- EXERCISE AIM
Tally the lines of the data below that contain the string "mechanical". Give the tally and nothing else.

- INPUT
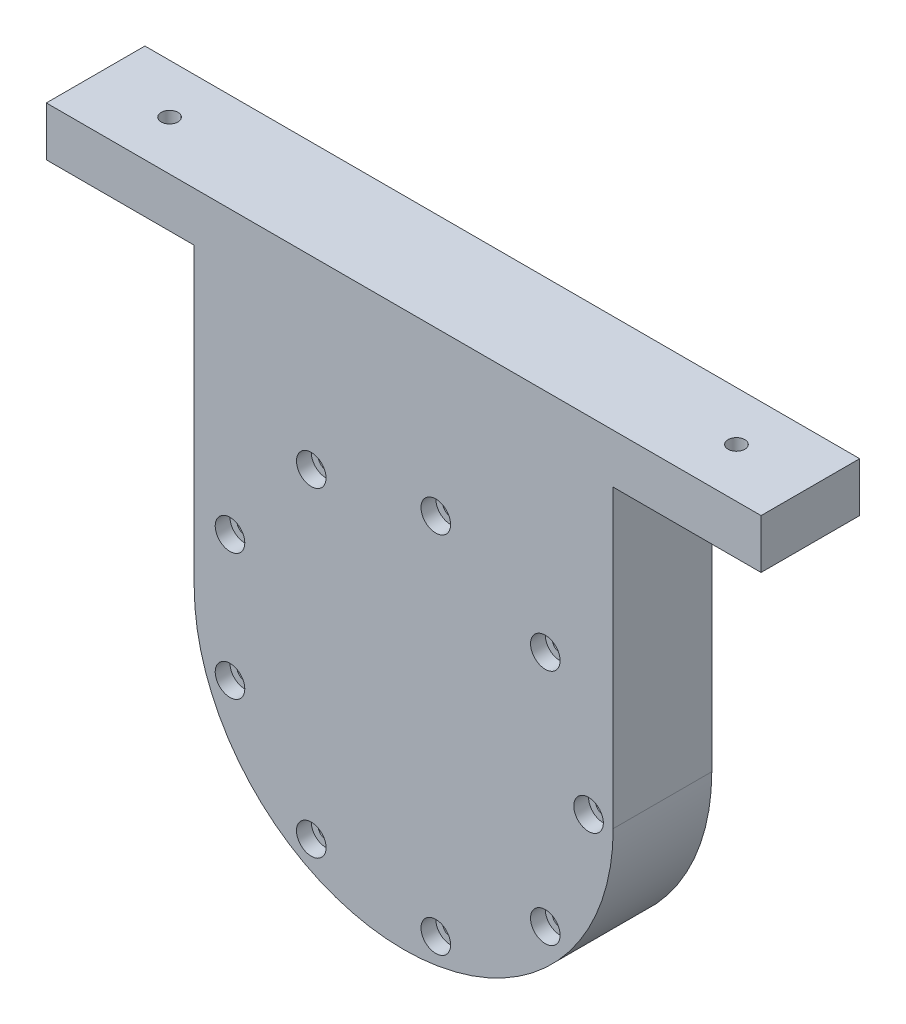
ISO-10303-21;
HEADER;
FILE_DESCRIPTION(('STEP AP214'),'2;1');
FILE_NAME('part.step','',(''),(''),'','','');
FILE_SCHEMA(('AUTOMOTIVE_DESIGN { 1 0 10303 214 1 1 1 1 }'));
ENDSEC;
DATA;
#1=APPLICATION_CONTEXT('core data for automotive mechanical design processes');
#2=APPLICATION_PROTOCOL_DEFINITION('international standard','automotive_design',2000,#1);
#3=PRODUCT_CONTEXT('',#1,'mechanical');
#4=PRODUCT('Part','Part','',(#3));
#5=PRODUCT_RELATED_PRODUCT_CATEGORY('part','',(#4));
#6=PRODUCT_DEFINITION_FORMATION('','',#4);
#7=PRODUCT_DEFINITION_CONTEXT('part definition',#1,'design');
#8=PRODUCT_DEFINITION('design','',#6,#7);
#9=PRODUCT_DEFINITION_SHAPE('','',#8);
#10=(LENGTH_UNIT() NAMED_UNIT(*) SI_UNIT(.MILLI.,.METRE.));
#11=(NAMED_UNIT(*) PLANE_ANGLE_UNIT() SI_UNIT($,.RADIAN.));
#12=(NAMED_UNIT(*) SI_UNIT($,.STERADIAN.) SOLID_ANGLE_UNIT());
#13=UNCERTAINTY_MEASURE_WITH_UNIT(LENGTH_MEASURE(1.E-05),#10,'distance_accuracy_value','');
#14=(GEOMETRIC_REPRESENTATION_CONTEXT(3) GLOBAL_UNCERTAINTY_ASSIGNED_CONTEXT((#13)) GLOBAL_UNIT_ASSIGNED_CONTEXT((#10,
#11,#12)) REPRESENTATION_CONTEXT('',''));
#15=CARTESIAN_POINT('',(0.,0.,0.));
#16=DIRECTION('',(0.,0.,1.));
#17=DIRECTION('',(1.,0.,0.));
#18=AXIS2_PLACEMENT_3D('',#15,#16,#17);
#19=CARTESIAN_POINT('',(37.5,0.,20.));
#20=DIRECTION('',(0.,0.,-1.));
#21=DIRECTION('',(-1.,0.,0.));
#22=AXIS2_PLACEMENT_3D('',#19,#20,#21);
#23=CYLINDRICAL_SURFACE('',#22,1.6);
#24=CARTESIAN_POINT('',(37.5,0.,0.));
#25=DIRECTION('',(0.,0.,1.));
#26=DIRECTION('',(1.,0.,0.));
#27=AXIS2_PLACEMENT_3D('',#24,#25,#26);
#28=CIRCLE('',#27,1.6);
#29=CARTESIAN_POINT('',(39.1,0.,0.));
#30=VERTEX_POINT('',#29);
#31=EDGE_CURVE('E142',#30,#30,#28,.T.);
#32=ORIENTED_EDGE('',*,*,#31,.F.);
#33=EDGE_LOOP('',(#32));
#34=FACE_BOUND('',#33,.T.);
#35=CARTESIAN_POINT('',(37.5,0.,17.));
#36=DIRECTION('',(0.,0.,1.));
#37=DIRECTION('',(1.,0.,0.));
#38=AXIS2_PLACEMENT_3D('',#35,#36,#37);
#39=CIRCLE('',#38,1.6);
#40=CARTESIAN_POINT('',(39.1,0.,17.));
#41=VERTEX_POINT('',#40);
#42=EDGE_CURVE('E43',#41,#41,#39,.T.);
#43=ORIENTED_EDGE('',*,*,#42,.T.);
#44=EDGE_LOOP('',(#43));
#45=FACE_BOUND('',#44,.T.);
#46=ADVANCED_FACE('F39',(#34,#45),#23,.F.);
#47=CARTESIAN_POINT('',(28.7266666169617,-24.1045353632452,20.));
#48=DIRECTION('',(0.,0.,-1.));
#49=DIRECTION('',(-1.,0.,0.));
#50=AXIS2_PLACEMENT_3D('',#47,#48,#49);
#51=CYLINDRICAL_SURFACE('',#50,1.6);
#52=CARTESIAN_POINT('',(28.7266666169617,-24.1045353632452,0.));
#53=DIRECTION('',(0.,0.,1.));
#54=DIRECTION('',(1.,0.,0.));
#55=AXIS2_PLACEMENT_3D('',#52,#53,#54);
#56=CIRCLE('',#55,1.6);
#57=CARTESIAN_POINT('',(30.3266666169617,-24.1045353632452,0.));
#58=VERTEX_POINT('',#57);
#59=EDGE_CURVE('E220',#58,#58,#56,.T.);
#60=ORIENTED_EDGE('',*,*,#59,.F.);
#61=EDGE_LOOP('',(#60));
#62=FACE_BOUND('',#61,.T.);
#63=CARTESIAN_POINT('',(28.7266666169617,-24.1045353632452,17.));
#64=DIRECTION('',(0.,0.,1.));
#65=DIRECTION('',(1.,0.,0.));
#66=AXIS2_PLACEMENT_3D('',#63,#64,#65);
#67=CIRCLE('',#66,1.6);
#68=CARTESIAN_POINT('',(30.3266666169617,-24.1045353632452,17.));
#69=VERTEX_POINT('',#68);
#70=EDGE_CURVE('E186',#69,#69,#67,.T.);
#71=ORIENTED_EDGE('',*,*,#70,.T.);
#72=EDGE_LOOP('',(#71));
#73=FACE_BOUND('',#72,.T.);
#74=ADVANCED_FACE('F264',(#62,#73),#51,.F.);
#75=CARTESIAN_POINT('',(6.51180666250989,-36.9302907379578,20.));
#76=DIRECTION('',(0.,0.,-1.));
#77=DIRECTION('',(-1.,0.,0.));
#78=AXIS2_PLACEMENT_3D('',#75,#76,#77);
#79=CYLINDRICAL_SURFACE('',#78,1.59999999999999);
#80=CARTESIAN_POINT('',(6.51180666250989,-36.9302907379578,0.));
#81=DIRECTION('',(0.,0.,1.));
#82=DIRECTION('',(1.,0.,0.));
#83=AXIS2_PLACEMENT_3D('',#80,#81,#82);
#84=CIRCLE('',#83,1.59999999999999);
#85=CARTESIAN_POINT('',(8.11180666250989,-36.9302907379578,0.));
#86=VERTEX_POINT('',#85);
#87=EDGE_CURVE('E217',#86,#86,#84,.T.);
#88=ORIENTED_EDGE('',*,*,#87,.F.);
#89=EDGE_LOOP('',(#88));
#90=FACE_BOUND('',#89,.T.);
#91=CARTESIAN_POINT('',(6.51180666250989,-36.9302907379578,17.));
#92=DIRECTION('',(0.,0.,1.));
#93=DIRECTION('',(1.,0.,0.));
#94=AXIS2_PLACEMENT_3D('',#91,#92,#93);
#95=CIRCLE('',#94,1.59999999999999);
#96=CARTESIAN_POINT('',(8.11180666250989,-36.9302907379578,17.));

- RESULT OF THIS EXERCISE
2